Added a Note on where to execute from using Microsoft SQL Server 2005 Express Edition Toolkit.
I followed the instructions and confirmed that it resolves the problem.
Very good explanation and solution to the problem!
Best Regards,
Shin
Thank you Shin. Please feel free to rate it.
Yup this work really great. We were struggling for past couple of weeks with VC now as we dopped that table and recreated it performance has improved.
Thanks man
Your welcome.
Never lost historical data, is that normal?
Seb
Great document. Thanks for putting it together. When running the queries I get errors because constraint FK_VPX_HIST_STAT_REF_VPX_SAMP does not exist and then the tables it creates later already exist. Even with that it still has helped CPU usage and it taps out much more infrequently.
hi
i have this issue but i have not done an upgrade, this was a new install on a express 2005 DB and new install of VC 2.5
thanks for the fix! worked like a charm!
Has there been a fix released since June that fixes this issue without losing historical performance data?

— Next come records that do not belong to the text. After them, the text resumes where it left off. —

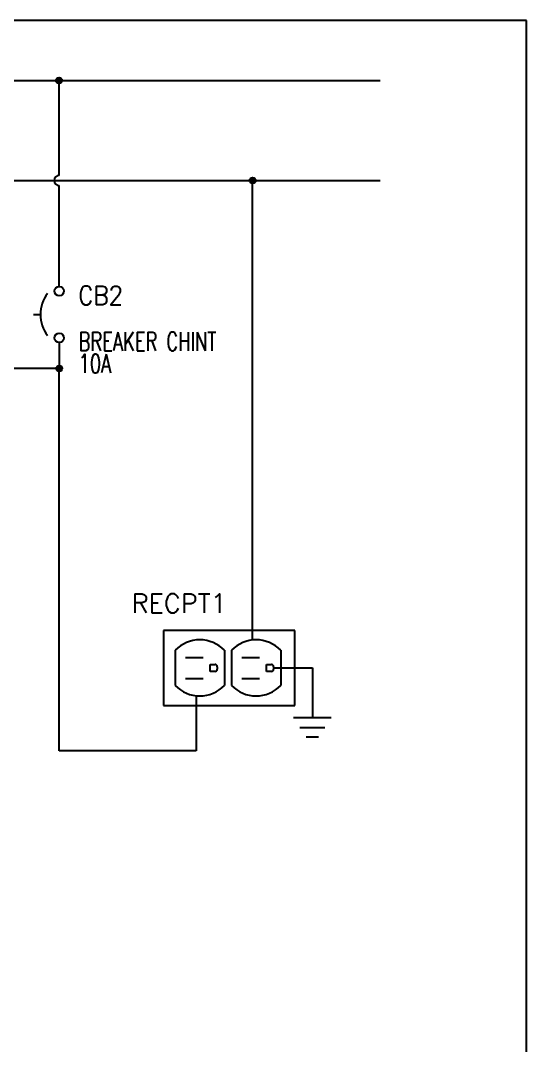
# Model space of a CAD drawing. Header units: millimetres. Extents: x 123.5 to 144.3, y 105.4 to 121.6.
# Drawn here: x 139.2 to 144.26, y 111.34 to 121.59 of the extents above; entities that cross this region are included whole.
import ezdxf
from ezdxf.enums import TextEntityAlignment as Align

# ---------------------------------------------------------------- set-up
doc = ezdxf.new("R2010")
doc.units = ezdxf.units.MM
doc.linetypes.add('HIDDEN2', pattern=[0.1875, 0.125, -0.0625])
for name, color, linetype in [('BLK_12AWG', 7, 'Continuous'), ('DESC', 250, 'Continuous'), ('SYMS', 7, 'Continuous'), ('TAGS', 250, 'Continuous'), ('WIRES', 7, 'Continuous')]:
    doc.layers.add(name, color=color, linetype=linetype)
doc.styles.add('WD', font='romans.shx')

# ---------------------------------------------------------------- blocks, each defined once
blk = doc.blocks.new('VCB1')
at = {"linetype": 'HIDDEN2'}
blk.add_line((-0.1712, 0), (-0.125, 0), dxfattribs=at)
for centre in [(0, 0.1562), (0, -0.1562)]:
    blk.add_circle(centre, 0.0312)
blk.add_arc((0.1094, 0), 0.2344, 143.1301, 216.8699)
at = {"style": 'WD'}
for tag, p, width in [('INST', (0.2188, 0.3883), 0.7), ('LOC', (0.2188, 0.2188), 0.7), ('TAG1', (0.1269, 0.0644), 0.9), ('XREF', (0.1287, -0.09), 0.7), ('DESC1', (0.1287, -0.242), 0.7), ('DESC2', (0.1287, -0.3893), 0.7)]:
    blk.add_attdef(tag, p, '', height=0.125, dxfattribs=dict(at, width=width))
at = {"linetype": 'Continuous', "style": 'WD'}
for tag, height, flags, p in [('TERM01', 0.125, 8, (-0.055, 0.2066)), ('CAT', 0.01, 9, (-0.1421, -0.0731)), ('MFG', 0.01, 9, (-0.1421, -0.0881))]:
    blk.add_attdef(tag, text='', height=height, dxfattribs=dict(at, flags=flags)).set_placement(p, align=Align.RIGHT)
at = {"style": 'WD', "width": 0.7}
blk.add_attdef('RATING1', text='', height=0.125, dxfattribs=at).set_placement((-0.1875, 0.0625), align=Align.RIGHT)
at = {"color": 7, "style": 'WD', "flags": 1}
for tag, p in [('X2TERM01', (0, 0.1875)), ('X8TERM02', (0, -0.1875))]:
    blk.add_attdef(tag, p, '', height=0.0125, dxfattribs=at)
at = {"color": 7, "style": 'WD'}
for tag, p in [('X4LINK', (-0.25, 0)), ('X1LINK', (0, 0))]:
    blk.add_attdef(tag, p, '', height=0.01, dxfattribs=at)
at = {"style": 'WD', "flags": 9}
for tag, p in [('FAMILY', (-0.1421, -0.0365)), ('CONTACT', (-0.1288, -0.1291))]:
    blk.add_attdef(tag, text='', height=0.01, dxfattribs=at).set_placement(p, align=Align.RIGHT)
at = {"linetype": 'Continuous', "style": 'WD', "flags": 9}
blk.add_attdef('ASSYCODE', text='', height=0.01, dxfattribs=at).set_placement((-0.1533, -0.1061), align=Align.CENTER)
at = {"linetype": 'Continuous', "style": 'WD', "flags": 8}
blk.add_attdef('TERM02', text='', height=0.125, dxfattribs=at).set_placement((-0.0407, -0.2134), align=Align.TOP_RIGHT)
blk = doc.blocks.new('WDDOT')
for radius in [0.03, 0.0187, 0.00929]:
    blk.add_circle((0, 0), radius)
blk = doc.blocks.new('VCN1RDUP')
for p, q in [((-0.2188, 0.25), (-0.2188, -0.25)), ((0.6562, 0.25), (-0.2188, 0.25)), ((0.6562, -0.25), (0.6562, 0.25)), ((-0.1404, 0.117), (-0.1404, -0.117)), ((-0.071, 0.0695), (0.0461, 0.0695)), ((0.1872, 0.117), (0.1872, -0.117)), ((0.2346, 0.117), (0.2346, -0.117)), ((0.304, 0.0695), (0.4211, 0.0695)), ((0.5622, 0.117), (0.5622, -0.117)), ((0.093, -0.0242), (0.093, 0.0226)), ((0.093, 0.0226), (0.1249, 0.0226)), ((0.1399, 0.0076), (0.1399, -0.0092)), ((0.468, -0.0242), (0.468, 0.0226)), ((0.468, 0.0226), (0.4999, 0.0226)), ((0.5149, 0.0076), (0.5149, -0.0092)), ((0.1249, -0.0242), (0.093, -0.0242)), ((0.4999, -0.0242), (0.468, -0.0242)), ((-0.071, -0.0711), (0.0461, -0.0711)), ((0.304, -0.0711), (0.4211, -0.0711)), ((-0.2188, -0.25), (0.6562, -0.25))]:
    blk.add_line(p, q)
for centre, radius, start, end in [((0.0234, -0.039), 0.2262, 43.60282, 136.39718), ((0.3984, -0.039), 0.2262, 43.60282, 136.39718), ((0.1249, 0.0076), 0.015, 0, 90), ((0.4999, 0.0076), 0.015, 0, 90), ((0.1249, -0.0092), 0.015, 270, 0), ((0.4999, -0.0092), 0.015, 270, 0), ((0.0234, 0.039), 0.2262, 223.60282, 316.39718), ((0.3984, 0.039), 0.2262, 223.60282, 316.39718)]:
    blk.add_arc(centre, radius, start, end)
at = {"style": 'WD'}
for tag, width, p in [('INST', 0.7, (-0.2812, 0.5775)), ('LOC', 0.7, (-0.2812, 0.4079)), ('DESC1', 0.7, (-0.2812, 0.2516)), ('DESC2', 0.7, (-0.2812, 0.0954)), ('RATING1', 0.9, (-0.2812, -0.0609))]:
    blk.add_attdef(tag, text='', height=0.125, dxfattribs=dict(at, width=width)).set_placement(p, align=Align.RIGHT)
at = {"linetype": 'Continuous', "style": 'WD', "flags": 8}
for tag, p in [('TERM02', (0.0157, 0.2812)), ('TERM05', (0.3907, 0.2812)), ('TERM06', (0.5866, 0.0802))]:
    blk.add_attdef(tag, p, '', height=0.125, dxfattribs=at)
at = {"style": 'WD', "flags": 9}
blk.add_attdef('FAMILY', (-0.1523, 0.2047), '', height=0.01, rotation=90, dxfattribs=at)
at = {"linetype": 'Continuous', "style": 'WD', "flags": 9}
for tag, p in [('CAT', (-0.1082, 0.2297)), ('MFG', (-0.0887, 0.2278)), ('ASSYCODE', (-0.0714, 0.23))]:
    blk.add_attdef(tag, text='', height=0.01, rotation=90, dxfattribs=at).set_placement(p, align=Align.CENTER)
at = {"style": 'WD', "flags": 1}
for tag, p in [('X2TERM02', (0, 0.1875)), ('X2TERM05', (0.375, 0.1875)), ('X1TERM03', (0.1404, 0.0003)), ('X1TERM06', (0.5154, 0.0003)), ('X8TERM01', (0, -0.1875)), ('X8TERM04', (0.375, -0.1875))]:
    blk.add_attdef(tag, p, '', height=0.0125, dxfattribs=at)
at = {"style": 'WD'}
blk.add_attdef('TAG1', text='', height=0.125, dxfattribs=at).set_placement((-0.2812, -0.2171), align=Align.RIGHT)
at = {"linetype": 'Continuous', "style": 'WD', "flags": 8}
for tag, p in [('TERM01', (0.0157, -0.2812)), ('TERM04', (0.3907, -0.2812))]:
    blk.add_attdef(tag, text='', height=0.125, dxfattribs=at).set_placement(p, align=Align.TOP_LEFT)
blk = doc.blocks.new('VGND2')
for p, q in [((0.09375, 0), (-0.09375, 0)), ((-0.0625, -0.046875), (0.0625, -0.046875)), ((-0.03125, -0.09375), (0.03125, -0.09375))]:
    blk.add_line(p, q)
at = {"style": 'WD', "flags": 1}
blk.add_attdef('X2TERM01', (0, 0), '', height=0.01, dxfattribs=at)

msp = doc.modelspace()

# ---------------------------------------------------------------- linework, layer by layer
at = {"color": 7, "linetype": 'Continuous'}
for p, q in [((144.256, 121.59), (123.506, 121.59)), ((144.256, 105.405), (144.256, 121.59))]:
    msp.add_line(p, q, dxfattribs=at)
at = {"layer": 'BLK_12AWG'}
for p, q in [((124.418, 120.99), (142.793, 120.99)), ((139.584, 120.949), (139.584, 120.99)), ((139.586, 120.04), (139.586, 120.949)), ((124.418, 119.99), (142.793, 119.99)), ((139.586, 118.931), (139.586, 119.94)), ((141.519, 115.397), (141.519, 119.99))]:
    msp.add_line(p, q, dxfattribs=at)
msp.add_arc((139.586, 119.99), 0.05, 90, 270, dxfattribs=at)
at = {"layer": 'WIRES'}
for p, q in [((139.586, 118.369), (139.586, 118.11)), ((139.586, 118.11), (134.462, 118.11)), ((139.586, 114.285), (139.586, 118.11)), ((141.729, 115.116), (142.116, 115.116)), ((142.116, 115.116), (142.116, 114.615)), ((140.956, 114.834), (140.956, 114.285)), ((140.956, 114.285), (139.586, 114.285))]:
    msp.add_line(p, q, dxfattribs=at)

# ---------------------------------------------------------------- block references
at = {"layer": 'SYMS'}
for p in [(139.584, 120.99), (141.519, 119.99), (139.586, 118.11)]:
    msp.add_blockref('WDDOT', p, dxfattribs=at)
ref = msp.add_blockref('VCB1', (139.586, 118.65), dxfattribs=dict(at, xscale=1.5, yscale=1.5, zscale=1.5))
ref.add_attrib('DESC2', '10A', (139.779, 118.066), dxfattribs={"layer": 'DESC', "height": 0.1875, "style": 'WD', "width": 0.7})
ref.add_attrib('DESC1', 'BREAKER CHINT', (139.779, 118.287), dxfattribs={"layer": 'DESC', "height": 0.1875, "style": 'WD', "width": 0.7})
ref.add_attrib('TAG1', 'CB2', (139.776, 118.747), dxfattribs={"layer": 'TAGS', "height": 0.1875, "style": 'WD', "width": 0.9})
ref = msp.add_blockref('VCN1RDUP', (140.956, 115.116), dxfattribs=dict(at, xscale=1.5, yscale=1.5, zscale=1.5))
ref.add_attrib('TAG1', 'RECPT1', dxfattribs={"layer": 'TAGS', "height": 0.1875, "style": 'WD'}).set_placement((141.259, 115.668), align=Align.RIGHT)
at = {"layer": 'SYMS', "xscale": 2, "yscale": 2, "zscale": 2}
msp.add_blockref('VGND2', (142.116, 114.615), dxfattribs=at)

doc.saveas('drawing.dxf')

Same issue and got the errors when executing the SQL statements but VC/SQL is behaving much better now.
I noticed that VC 2.5 update 3 was recently released but I couldnt find anything in the release notes about this issue being resolved. Odd since VMware has known of this for months.
Also, why wouldn't they release an executable "patch" to perform the fix instead of forcing us to execute a bunch of SQL statements against the db??
Hi, we have the same issue, we did all the steps, but unfortunately the problem persists. Exactly every 30' the VC freezes for 8'.
Is this a bug that all VC users experience? If yes, is there an official patch from VMWare?
Any help would be appreciated.
Thanks
Done this, any ideas on sequence 4 why I get this:
Msg 3728, Level 16, State 1, Line 2
'FK_VPX_HIST_STAT_REF_VPX_SAMP' is not a constraint.
Msg 3727, Level 16, State 0, Line 2
Could not drop constraint. See previous errors.